Prototypes underpin all JavaScript objects. Here's what interviews test — prototype chain, class syntax, and inheritance.

Examifyr·2026·6 min read

The prototype chain

Every JavaScript object has a prototype. When you access a property, JavaScript searches the object, then its prototype, then up the chain.

const animal = {
    breathe() { return "breathing"; }
};

const dog = Object.create(animal);
dog.bark = function() { return "woof"; };

dog.bark();    // "woof" — own property
dog.breathe(); // "breathing" — from prototype

// Check the chain:
Object.getPrototypeOf(dog) === animal;  // true
dog.hasOwnProperty("bark");     // true
dog.hasOwnProperty("breathe");  // false

Class syntax

ES6 classes are syntactic sugar over prototypes. They look like Java/Python but behave like JavaScript prototypes under the hood.

class Animal {
    constructor(name) {
        this.name = name;
    }

    speak() {
        return `${this.name} makes a sound`;
    }

    static create(name) {
        return new Animal(name);
    }
}

const cat = new Animal("Cat");
cat.speak();               // "Cat makes a sound"
Animal.create("Dog");      // static — called on class, not instance

Inheritance with extends and super

extends creates a child class. super() must be called in the child constructor before using this.
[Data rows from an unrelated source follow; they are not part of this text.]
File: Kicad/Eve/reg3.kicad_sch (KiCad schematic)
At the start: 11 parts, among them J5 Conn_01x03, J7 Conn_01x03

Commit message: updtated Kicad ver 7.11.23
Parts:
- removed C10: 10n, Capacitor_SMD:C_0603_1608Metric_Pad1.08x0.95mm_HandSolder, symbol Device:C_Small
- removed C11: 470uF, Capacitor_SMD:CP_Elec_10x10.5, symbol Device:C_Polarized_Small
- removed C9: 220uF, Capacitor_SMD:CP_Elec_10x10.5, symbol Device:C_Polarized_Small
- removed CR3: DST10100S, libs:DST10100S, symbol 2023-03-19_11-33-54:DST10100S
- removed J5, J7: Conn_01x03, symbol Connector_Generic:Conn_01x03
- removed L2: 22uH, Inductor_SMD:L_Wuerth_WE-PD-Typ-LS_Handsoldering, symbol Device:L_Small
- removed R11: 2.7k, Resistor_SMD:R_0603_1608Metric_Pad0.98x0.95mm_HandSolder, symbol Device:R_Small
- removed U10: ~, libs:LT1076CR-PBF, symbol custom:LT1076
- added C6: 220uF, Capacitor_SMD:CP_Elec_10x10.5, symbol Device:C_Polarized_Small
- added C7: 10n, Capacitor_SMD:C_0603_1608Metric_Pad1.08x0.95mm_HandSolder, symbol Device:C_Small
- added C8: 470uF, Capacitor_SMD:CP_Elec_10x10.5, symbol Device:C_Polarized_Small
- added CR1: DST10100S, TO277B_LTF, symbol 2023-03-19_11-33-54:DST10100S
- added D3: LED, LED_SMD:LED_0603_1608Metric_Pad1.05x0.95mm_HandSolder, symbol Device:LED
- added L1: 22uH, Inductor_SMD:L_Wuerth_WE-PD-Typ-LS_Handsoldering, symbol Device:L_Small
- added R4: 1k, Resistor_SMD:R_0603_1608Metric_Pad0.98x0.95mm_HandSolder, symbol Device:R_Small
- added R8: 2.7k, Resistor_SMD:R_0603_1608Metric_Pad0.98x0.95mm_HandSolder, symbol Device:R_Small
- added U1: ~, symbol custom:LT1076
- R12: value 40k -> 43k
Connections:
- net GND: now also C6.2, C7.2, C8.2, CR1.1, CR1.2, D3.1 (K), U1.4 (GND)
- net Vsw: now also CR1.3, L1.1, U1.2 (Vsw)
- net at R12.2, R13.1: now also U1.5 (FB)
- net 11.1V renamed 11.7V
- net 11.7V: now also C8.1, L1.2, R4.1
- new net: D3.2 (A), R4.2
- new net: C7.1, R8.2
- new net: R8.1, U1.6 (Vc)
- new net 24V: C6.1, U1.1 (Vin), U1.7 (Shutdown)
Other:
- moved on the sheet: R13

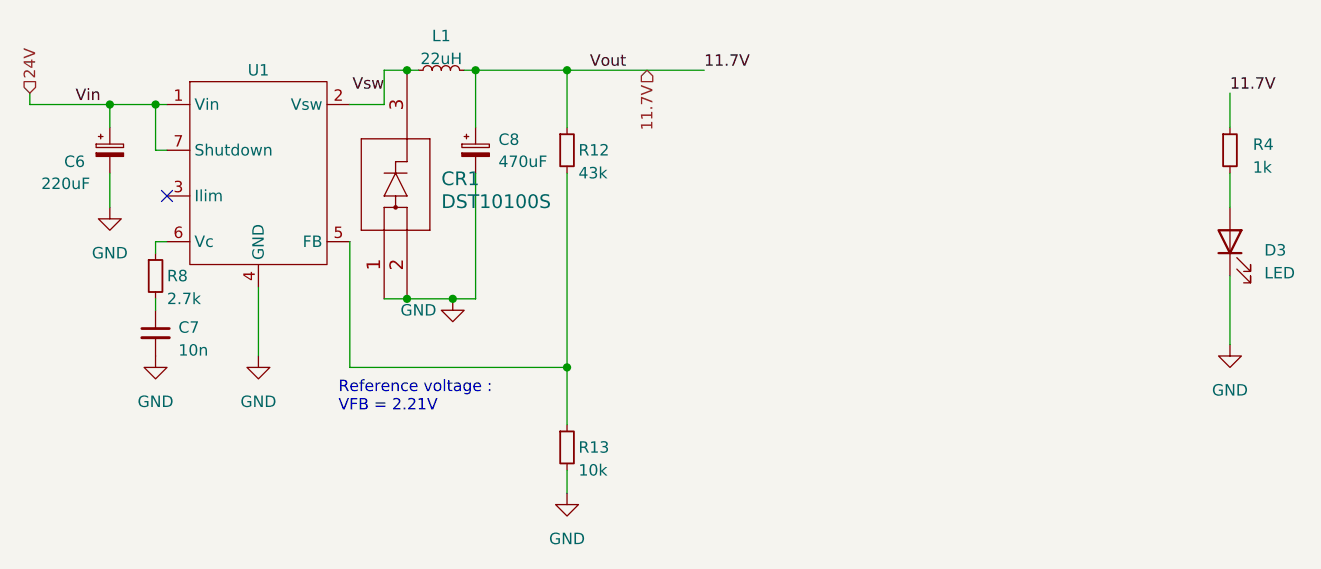
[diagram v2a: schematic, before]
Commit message: added Kicad libraries to git + sch changes 11/11/23
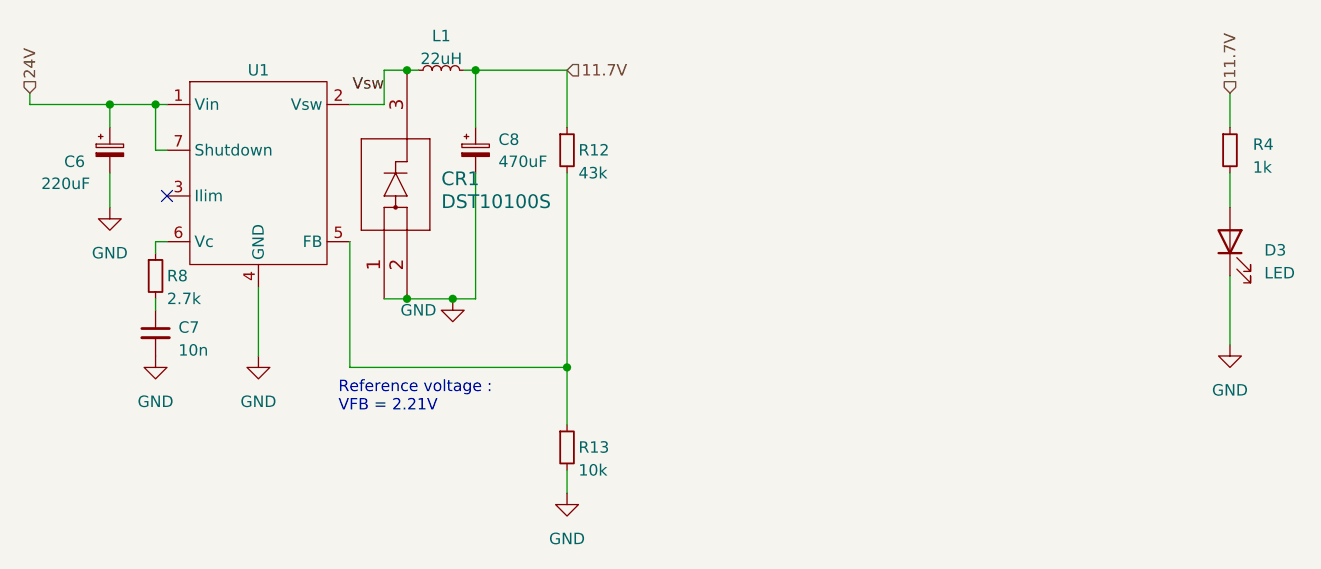
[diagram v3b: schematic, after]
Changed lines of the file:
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@@
   (junction (at 110.49 80.01) (diameter 0) (color 0 0 0 0)
-  )
-  (junction (at 156.21 76.2) (diameter 0) (color 0 0 0 0)
   )
   (junction (at 138.43 76.2) (diameter 0) (color 0 0 0 0)
@@
     (stroke (width 0) (type default))
   )
-  (wire (pts (xy 156.21 76.2) (xy 171.45 76.2))
-    (stroke (width 0) (type default))
-  )
   (wire (pts (xy 156.21 76.2) (xy 156.21 82.55))
     (stroke (width 0) (type default))
@@
     (effects (font (size 1.27 1.27)) (justify left bottom))
   )
-  (label "Vin" (at 101.6 80.01 0) (fields_autoplaced)
-    (effects (font (size 1.27 1.27)) (justify left bottom))
-  )
   (label "Vsw" (at 135.89 78.74 180) (fields_autoplaced)
     (effects (font (size 1.27 1.27)) (justify right bottom))
   )
-  (label "11.7V" (at 171.45 76.2 0) (fields_autoplaced)
-    (effects (font (size 1.27 1.27)) (justify left bottom))
+  (hierarchical_label "11.7V" (shape input) (at 229.87 78.74 90) (fields_autoplaced)
+    (effects (font (size 1.27 1.27)) (justify left))
   )
-  (label "11.7V" (at 229.87 78.74 0) (fields_autoplaced)
-    (effects (font (size 1.27 1.27)) (justify left bottom))
-  )
-  (label "Vout" (at 158.75 76.2 0) (fields_autoplaced)
-    (effects (font (size 1.27 1.27)) (justify left bottom))
-  )
-  (hierarchical_label "11.7V" (shape input) (at 165.1 76.2 270) (fields_autoplaced)
-    (effects (font (size 1.27 1.27)) (justify right))
+  (hierarchical_label "11.7V" (shape input) (at 156.21 76.2 0) (fields_autoplaced)
+    (effects (font (size 1.27 1.27)) (justify left))
   )
   (hierarchical_label "24V" (shape input) (at 96.52 78.74 90) (fields_autoplaced)

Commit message: empreinte 13/11
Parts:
- C6: value 220uF -> 220u; footprint Capacitor_SMD:CP_Elec_10x10.5 -> (none)
- C8: value 470uF -> 470u; footprint Capacitor_SMD:CP_Elec_10x10.5 -> (none)
- CR1: footprint TO277B_LTF -> libs:DST10100S
- L1: footprint Inductor_SMD:L_Wuerth_WE-PD-Typ-LS_Handsoldering -> (none)
- U1: footprint (none) -> libs:LT1076CR-PBF
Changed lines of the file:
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@@
       (effects (font (size 1.27 1.27)))
     )
-    (property "Footprint" "Inductor_SMD:L_Wuerth_WE-PD-Typ-LS_Handsoldering" (at 142.24 76.2 0)
+    (property "Footprint" "" (at 142.24 76.2 0)
       (effects (font (size 1.27 1.27)) hide)
     )
@@
       (effects (font (size 1.524 1.524)) (justify right))
     )
-    (property "Footprint" "TO277B_LTF" (at 132.334 88.9 0)
+    (property "Footprint" "libs:DST10100S" (at 132.334 88.9 0)
       (effects (font (size 1.524 1.524)) hide)
     )
@@
       (effects (font (size 1.27 1.27)) (justify left))
     )
-    (property "Value" "220uF" (at 97.79 88.8111 0)
-      (effects (font (size 1.27 1.27)) (justify left))
-    )
-    (property "Footprint" "Capacitor_SMD:CP_Elec_10x10.5" (at 105.41 85.09 0)
+    (property "Value" "220u" (at 97.79 88.8111 0)
+      (effects (font (size 1.27 1.27)) (justify left))
+    )
+    (property "Footprint" "" (at 105.41 85.09 0)
       (effects (font (size 1.27 1.27)) hide)
     )
@@
       (effects (font (size 1.27 1.27)) (justify left))
     )
-    (property "Value" "470uF" (at 148.59 86.36 0)
-      (effects (font (size 1.27 1.27)) (justify left))
-    )
-    (property "Footprint" "Capacitor_SMD:CP_Elec_10x10.5" (at 146.05 85.09 0)
+    (property "Value" "470u" (at 148.59 86.36 0)
+      (effects (font (size 1.27 1.27)) (justify left))
+    )
+    (property "Footprint" "" (at 146.05 85.09 0)
       (effects (font (size 1.27 1.27)) hide)
     )
@@
       (effects (font (size 1.27 1.27)))
     )
-    (property "Footprint" "" (at 116.84 83.82 0)
-      (effects (font (size 1.27 1.27)) hide)
-    )
+    (property "Footprint" "libs:LT1076CR-PBF" (at 116.84 83.82 0)
+      (effects (font (size 1.27 1.27)) hide)
+    )

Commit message: pulled main and started routing
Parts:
- C6, C8: footprint (none) -> Capacitor_SMD:CP_Elec_10x10.5
- L1: footprint (none) -> Eagle_WE-PD (rev23a):WE-PD_1210
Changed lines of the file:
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@@
       (effects (font (size 1.27 1.27)))
     )
-    (property "Footprint" "" (at 142.24 76.2 0)
+    (property "Footprint" "Eagle_WE-PD (rev23a):WE-PD_1210" (at 142.24 76.2 0)
       (effects (font (size 1.27 1.27)) hide)
     )
@@
       (effects (font (size 1.27 1.27)) (justify left))
     )
-    (property "Footprint" "" (at 105.41 85.09 0)
+    (property "Footprint" "Capacitor_SMD:CP_Elec_10x10.5" (at 105.41 85.09 0)
       (effects (font (size 1.27 1.27)) hide)
     )
@@
       (effects (font (size 1.27 1.27)) (justify left))
     )
-    (property "Footprint" "" (at 146.05 85.09 0)
-      (effects (font (size 1.27 1.27)) hide)
-    )
+    (property "Footprint" "Capacitor_SMD:CP_Elec_10x10.5" (at 146.05 85.09 0)
+      (effects (font (size 1.27 1.27)) hide)
+    )

class Dog extends Animal {
    constructor(name, breed) {
        super(name);        // MUST call super first
        this.breed = breed;
    }

    speak() {
        return `${super.speak()} — specifically, woof`;
    }
}

const rex = new Dog("Rex", "Labrador");
rex.speak();
// "Rex makes a sound — specifically, woof"

rex instanceof Dog;     // true
rex instanceof Animal;  // true
Note: Forgetting super() in a derived class constructor throws "Must call super constructor before accessing this".

Getters and setters

Getters and setters let you define computed properties and validation logic.

class Circle {
    constructor(radius) {
        this._radius = radius;
    }

    get radius() { return this._radius; }

    set radius(value) {
        if (value < 0) throw new Error("Radius must be positive");
        this._radius = value;
    }

    get area() {
        return Math.PI * this._radius ** 2;
    }
}

const c = new Circle(5);
c.radius = 10;      // uses setter
console.log(c.area); // uses getter, no ()

Exam tip

The most common prototype question: "What does Object.create() do?" — it creates a new object with the specified prototype, without calling a constructor. Also know that class extends translates to prototype chain inheritance.